Task goal:
Copy exactly every line below, from the first through the one that contains "- added R11: 100k", and skip all pictures.

#### Supplied records ####

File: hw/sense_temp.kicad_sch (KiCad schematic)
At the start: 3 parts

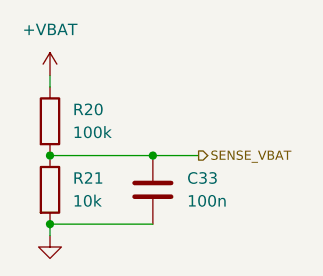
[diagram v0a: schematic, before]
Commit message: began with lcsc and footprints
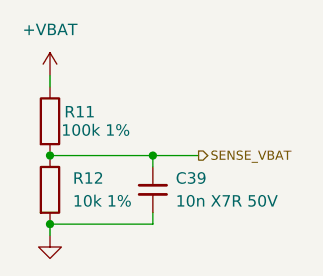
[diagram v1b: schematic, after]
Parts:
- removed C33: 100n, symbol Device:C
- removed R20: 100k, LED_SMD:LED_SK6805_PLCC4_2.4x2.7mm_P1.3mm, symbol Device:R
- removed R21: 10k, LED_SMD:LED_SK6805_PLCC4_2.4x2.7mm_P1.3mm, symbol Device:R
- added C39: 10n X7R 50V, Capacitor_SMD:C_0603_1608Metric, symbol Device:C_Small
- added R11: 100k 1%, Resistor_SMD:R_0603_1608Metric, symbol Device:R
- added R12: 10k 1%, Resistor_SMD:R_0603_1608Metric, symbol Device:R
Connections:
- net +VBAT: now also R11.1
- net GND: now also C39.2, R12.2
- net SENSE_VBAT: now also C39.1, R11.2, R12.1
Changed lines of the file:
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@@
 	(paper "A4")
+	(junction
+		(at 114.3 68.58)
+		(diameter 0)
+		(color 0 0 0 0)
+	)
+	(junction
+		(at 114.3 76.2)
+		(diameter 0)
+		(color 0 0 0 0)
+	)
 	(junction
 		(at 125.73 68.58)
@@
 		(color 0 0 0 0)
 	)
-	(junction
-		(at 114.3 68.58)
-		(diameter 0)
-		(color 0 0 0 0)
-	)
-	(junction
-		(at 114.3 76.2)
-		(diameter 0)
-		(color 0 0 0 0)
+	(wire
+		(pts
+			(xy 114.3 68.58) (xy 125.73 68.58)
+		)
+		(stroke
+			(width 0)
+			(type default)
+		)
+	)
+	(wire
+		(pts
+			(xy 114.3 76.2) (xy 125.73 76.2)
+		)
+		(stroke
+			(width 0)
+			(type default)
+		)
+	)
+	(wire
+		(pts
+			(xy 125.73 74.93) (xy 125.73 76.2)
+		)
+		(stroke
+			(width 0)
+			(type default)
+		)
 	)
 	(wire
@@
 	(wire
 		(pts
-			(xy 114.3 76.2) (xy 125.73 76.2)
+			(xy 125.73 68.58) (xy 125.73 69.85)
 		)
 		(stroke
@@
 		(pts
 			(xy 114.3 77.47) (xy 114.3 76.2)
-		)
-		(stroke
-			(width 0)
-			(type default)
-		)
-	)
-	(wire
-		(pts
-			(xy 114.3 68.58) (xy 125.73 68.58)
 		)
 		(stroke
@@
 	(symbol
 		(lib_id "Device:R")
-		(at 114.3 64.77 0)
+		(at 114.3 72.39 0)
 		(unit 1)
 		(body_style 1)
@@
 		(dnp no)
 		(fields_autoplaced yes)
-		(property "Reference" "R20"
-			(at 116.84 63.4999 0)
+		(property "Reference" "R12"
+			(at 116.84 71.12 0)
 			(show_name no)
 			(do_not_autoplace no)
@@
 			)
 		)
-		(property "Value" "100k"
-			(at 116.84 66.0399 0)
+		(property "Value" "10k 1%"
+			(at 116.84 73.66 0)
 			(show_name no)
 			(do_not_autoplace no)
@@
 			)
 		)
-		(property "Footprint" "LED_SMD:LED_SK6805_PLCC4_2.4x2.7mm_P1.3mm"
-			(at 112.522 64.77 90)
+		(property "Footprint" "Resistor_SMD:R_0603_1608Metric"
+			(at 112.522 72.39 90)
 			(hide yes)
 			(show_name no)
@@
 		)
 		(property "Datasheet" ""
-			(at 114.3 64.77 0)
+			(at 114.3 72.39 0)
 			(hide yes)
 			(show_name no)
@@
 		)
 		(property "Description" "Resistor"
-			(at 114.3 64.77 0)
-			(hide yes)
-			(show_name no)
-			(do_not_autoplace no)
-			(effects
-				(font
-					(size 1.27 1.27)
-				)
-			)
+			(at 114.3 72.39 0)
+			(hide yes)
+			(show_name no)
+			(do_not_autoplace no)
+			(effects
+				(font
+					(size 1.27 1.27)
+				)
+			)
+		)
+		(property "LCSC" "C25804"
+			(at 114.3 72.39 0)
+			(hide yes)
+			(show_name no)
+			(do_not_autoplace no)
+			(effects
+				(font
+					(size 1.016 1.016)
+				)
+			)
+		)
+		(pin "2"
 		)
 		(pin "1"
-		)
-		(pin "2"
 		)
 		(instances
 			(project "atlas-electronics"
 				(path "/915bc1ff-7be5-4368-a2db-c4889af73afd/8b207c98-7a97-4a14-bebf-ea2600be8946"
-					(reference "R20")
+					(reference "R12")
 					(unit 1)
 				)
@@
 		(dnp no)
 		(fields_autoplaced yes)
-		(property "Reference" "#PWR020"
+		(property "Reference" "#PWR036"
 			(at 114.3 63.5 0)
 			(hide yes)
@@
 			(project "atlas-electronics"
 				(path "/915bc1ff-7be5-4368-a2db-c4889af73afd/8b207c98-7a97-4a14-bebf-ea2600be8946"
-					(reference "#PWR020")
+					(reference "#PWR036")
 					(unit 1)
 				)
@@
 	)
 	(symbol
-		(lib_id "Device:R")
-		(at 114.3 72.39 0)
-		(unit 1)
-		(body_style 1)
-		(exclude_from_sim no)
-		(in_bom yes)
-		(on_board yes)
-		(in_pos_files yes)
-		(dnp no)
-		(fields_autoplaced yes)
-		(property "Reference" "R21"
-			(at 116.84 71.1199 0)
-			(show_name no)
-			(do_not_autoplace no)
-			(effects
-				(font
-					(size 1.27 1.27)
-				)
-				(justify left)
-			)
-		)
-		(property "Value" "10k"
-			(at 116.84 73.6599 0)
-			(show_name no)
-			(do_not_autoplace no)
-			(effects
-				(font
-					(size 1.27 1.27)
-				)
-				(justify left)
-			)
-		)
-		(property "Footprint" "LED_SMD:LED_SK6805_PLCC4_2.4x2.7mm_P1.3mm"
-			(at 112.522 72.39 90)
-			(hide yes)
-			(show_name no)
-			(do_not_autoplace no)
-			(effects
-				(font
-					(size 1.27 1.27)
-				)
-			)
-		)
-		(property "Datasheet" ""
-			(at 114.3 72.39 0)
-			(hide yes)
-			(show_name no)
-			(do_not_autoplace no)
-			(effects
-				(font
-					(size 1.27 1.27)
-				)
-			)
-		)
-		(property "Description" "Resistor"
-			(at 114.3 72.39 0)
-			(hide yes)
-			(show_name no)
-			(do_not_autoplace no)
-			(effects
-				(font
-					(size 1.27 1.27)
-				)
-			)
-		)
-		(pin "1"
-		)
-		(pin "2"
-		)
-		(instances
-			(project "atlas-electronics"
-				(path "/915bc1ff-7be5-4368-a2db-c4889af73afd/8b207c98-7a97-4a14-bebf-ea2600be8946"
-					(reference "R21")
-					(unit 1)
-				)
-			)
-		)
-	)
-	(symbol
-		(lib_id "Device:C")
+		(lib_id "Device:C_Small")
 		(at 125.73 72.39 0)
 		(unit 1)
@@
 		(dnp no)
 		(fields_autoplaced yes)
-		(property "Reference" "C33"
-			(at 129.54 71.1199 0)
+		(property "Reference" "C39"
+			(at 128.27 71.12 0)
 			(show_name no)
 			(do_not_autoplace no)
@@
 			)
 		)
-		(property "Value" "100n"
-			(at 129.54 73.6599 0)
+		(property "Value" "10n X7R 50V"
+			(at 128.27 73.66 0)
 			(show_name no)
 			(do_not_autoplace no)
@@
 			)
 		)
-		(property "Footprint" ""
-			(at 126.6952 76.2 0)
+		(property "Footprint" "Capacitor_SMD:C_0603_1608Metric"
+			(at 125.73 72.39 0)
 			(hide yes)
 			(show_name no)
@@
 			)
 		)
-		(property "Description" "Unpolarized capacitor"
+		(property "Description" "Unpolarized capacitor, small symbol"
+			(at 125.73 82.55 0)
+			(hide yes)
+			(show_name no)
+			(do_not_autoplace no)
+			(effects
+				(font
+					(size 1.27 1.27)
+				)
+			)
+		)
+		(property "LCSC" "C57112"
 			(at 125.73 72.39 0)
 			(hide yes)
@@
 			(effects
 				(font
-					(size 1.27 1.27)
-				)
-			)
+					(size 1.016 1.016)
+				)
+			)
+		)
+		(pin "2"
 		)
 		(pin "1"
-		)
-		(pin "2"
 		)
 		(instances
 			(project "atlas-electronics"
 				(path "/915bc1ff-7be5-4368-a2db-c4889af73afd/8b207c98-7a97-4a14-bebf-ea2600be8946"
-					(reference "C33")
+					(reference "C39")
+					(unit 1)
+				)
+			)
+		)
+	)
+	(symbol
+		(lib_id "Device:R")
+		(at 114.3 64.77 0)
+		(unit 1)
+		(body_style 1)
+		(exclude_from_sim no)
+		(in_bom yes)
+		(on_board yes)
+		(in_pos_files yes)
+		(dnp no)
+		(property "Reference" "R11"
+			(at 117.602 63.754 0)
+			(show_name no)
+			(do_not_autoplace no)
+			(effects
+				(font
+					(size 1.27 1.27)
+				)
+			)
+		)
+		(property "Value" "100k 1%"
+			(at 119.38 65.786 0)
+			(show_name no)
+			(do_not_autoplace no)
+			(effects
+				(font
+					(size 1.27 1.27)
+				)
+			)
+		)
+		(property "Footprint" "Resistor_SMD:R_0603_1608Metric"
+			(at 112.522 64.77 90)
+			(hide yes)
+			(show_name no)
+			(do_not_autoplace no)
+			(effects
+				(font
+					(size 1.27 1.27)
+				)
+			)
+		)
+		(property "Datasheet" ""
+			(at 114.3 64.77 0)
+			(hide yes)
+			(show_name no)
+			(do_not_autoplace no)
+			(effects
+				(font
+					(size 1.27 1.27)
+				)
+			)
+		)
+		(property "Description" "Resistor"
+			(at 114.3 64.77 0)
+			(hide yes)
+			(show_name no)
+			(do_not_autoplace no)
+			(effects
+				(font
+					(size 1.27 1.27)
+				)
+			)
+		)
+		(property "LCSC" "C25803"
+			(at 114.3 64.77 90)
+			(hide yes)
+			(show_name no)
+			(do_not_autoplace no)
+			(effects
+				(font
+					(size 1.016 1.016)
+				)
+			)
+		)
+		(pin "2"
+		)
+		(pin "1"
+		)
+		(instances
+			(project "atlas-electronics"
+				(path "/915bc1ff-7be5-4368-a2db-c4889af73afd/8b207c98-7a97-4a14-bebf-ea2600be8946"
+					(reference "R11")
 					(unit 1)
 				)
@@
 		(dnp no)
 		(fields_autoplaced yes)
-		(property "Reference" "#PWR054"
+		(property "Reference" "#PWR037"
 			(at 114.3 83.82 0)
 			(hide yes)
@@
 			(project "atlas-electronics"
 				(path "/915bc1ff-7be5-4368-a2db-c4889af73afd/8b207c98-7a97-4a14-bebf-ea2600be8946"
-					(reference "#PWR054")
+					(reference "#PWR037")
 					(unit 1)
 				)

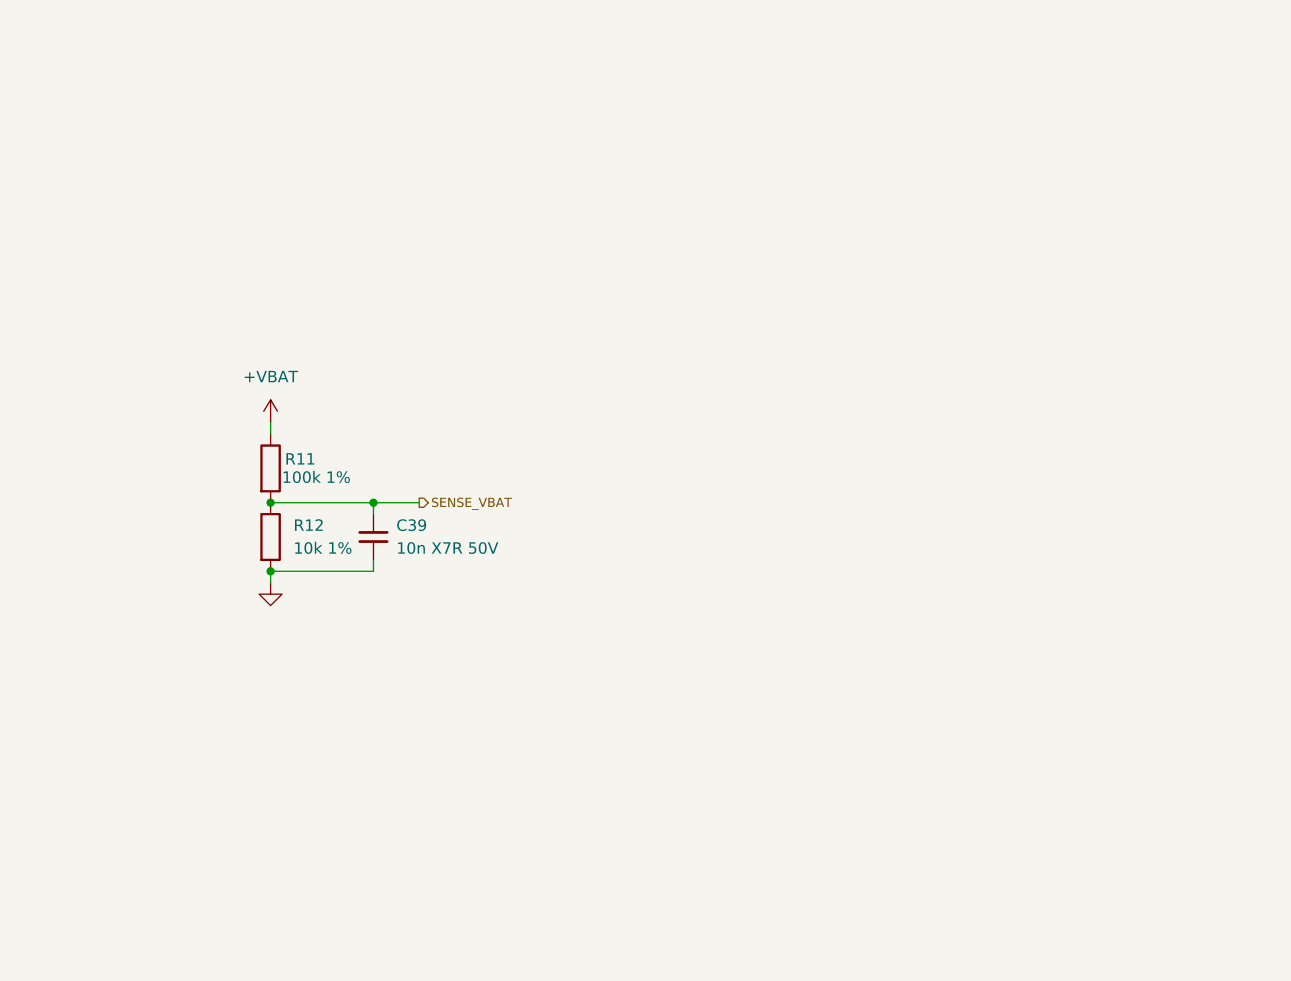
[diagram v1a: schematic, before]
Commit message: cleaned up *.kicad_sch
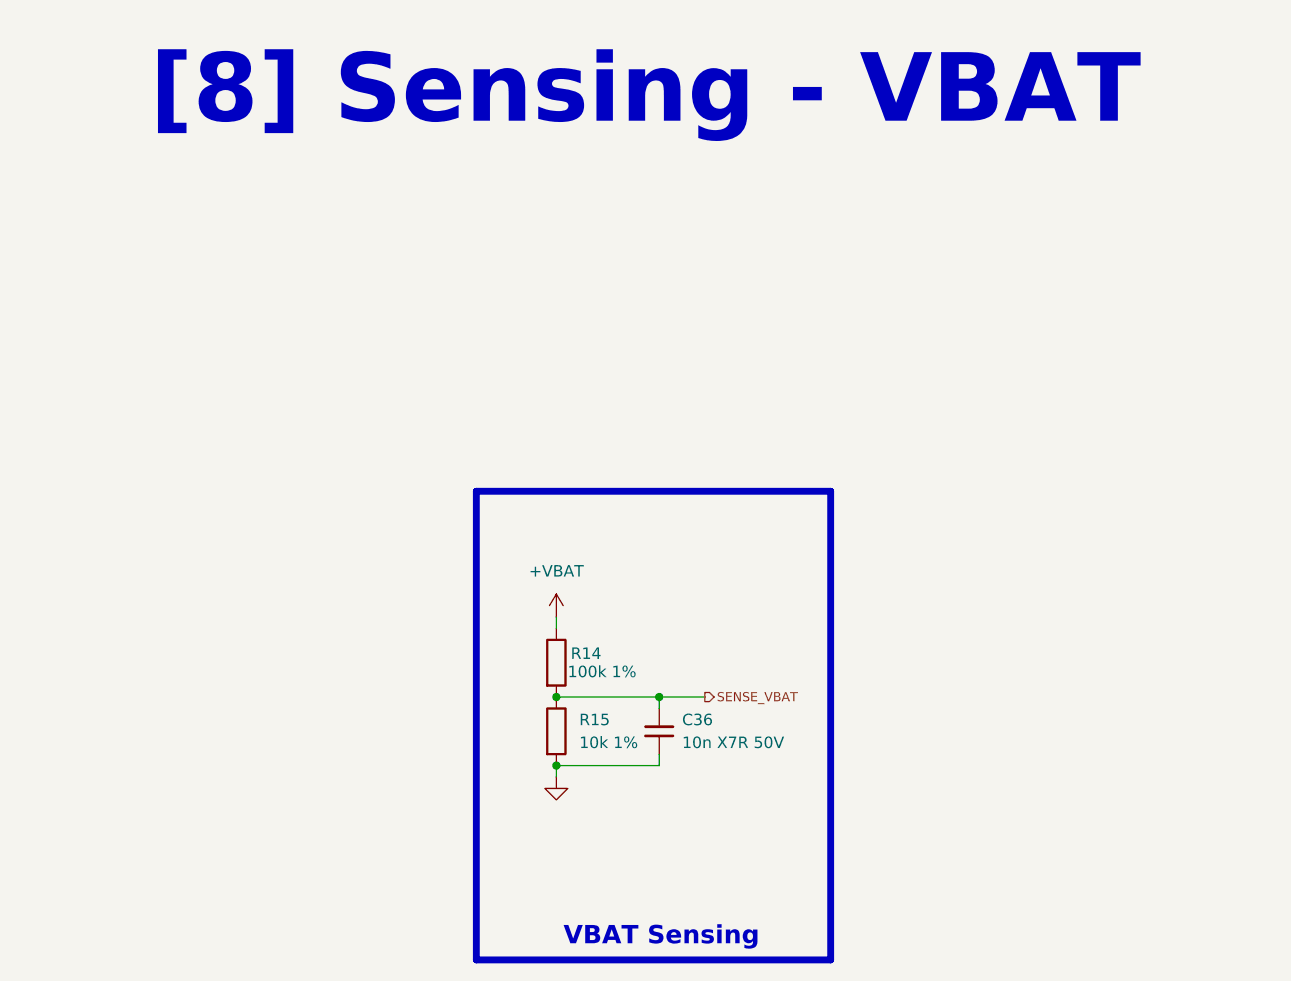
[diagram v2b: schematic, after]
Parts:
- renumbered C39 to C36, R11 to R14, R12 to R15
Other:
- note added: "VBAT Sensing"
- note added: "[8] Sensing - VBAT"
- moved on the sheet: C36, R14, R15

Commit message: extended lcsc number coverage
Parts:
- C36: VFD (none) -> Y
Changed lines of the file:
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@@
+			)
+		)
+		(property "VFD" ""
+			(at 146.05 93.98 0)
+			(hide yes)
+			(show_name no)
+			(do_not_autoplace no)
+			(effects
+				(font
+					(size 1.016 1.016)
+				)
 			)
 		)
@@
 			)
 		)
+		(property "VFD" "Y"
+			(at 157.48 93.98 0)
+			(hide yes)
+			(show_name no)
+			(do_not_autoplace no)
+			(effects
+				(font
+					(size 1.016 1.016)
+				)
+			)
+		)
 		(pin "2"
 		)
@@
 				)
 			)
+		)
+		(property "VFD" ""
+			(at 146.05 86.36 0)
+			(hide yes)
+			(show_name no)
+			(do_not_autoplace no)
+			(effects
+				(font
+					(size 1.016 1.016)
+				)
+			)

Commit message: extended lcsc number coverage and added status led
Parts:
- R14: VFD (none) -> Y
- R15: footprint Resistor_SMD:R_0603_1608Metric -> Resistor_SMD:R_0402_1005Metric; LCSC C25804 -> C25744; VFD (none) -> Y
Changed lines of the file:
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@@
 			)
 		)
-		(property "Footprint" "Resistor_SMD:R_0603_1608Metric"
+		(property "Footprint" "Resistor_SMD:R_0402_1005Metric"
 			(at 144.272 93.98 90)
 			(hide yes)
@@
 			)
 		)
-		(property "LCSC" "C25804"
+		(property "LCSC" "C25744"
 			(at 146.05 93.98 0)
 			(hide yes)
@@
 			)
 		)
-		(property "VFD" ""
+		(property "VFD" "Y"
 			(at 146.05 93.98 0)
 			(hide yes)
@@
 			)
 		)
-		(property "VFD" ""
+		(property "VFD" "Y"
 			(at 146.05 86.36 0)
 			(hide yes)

####

Expected answer:
File: hw/sense_temp.kicad_sch (KiCad schematic)
At the start: 3 parts

[diagram v0a: schematic, before]
Commit message: began with lcsc and footprints
[diagram v1b: schematic, after]
Parts:
- removed C33: 100n, symbol Device:C
- removed R20: 100k, LED_SMD:LED_SK6805_PLCC4_2.4x2.7mm_P1.3mm, symbol Device:R
- removed R21: 10k, LED_SMD:LED_SK6805_PLCC4_2.4x2.7mm_P1.3mm, symbol Device:R
- added C39: 10n X7R 50V, Capacitor_SMD:C_0603_1608Metric, symbol Device:C_Small
- added R11: 100k 1%, Resistor_SMD:R_0603_1608Metric, symbol Device:R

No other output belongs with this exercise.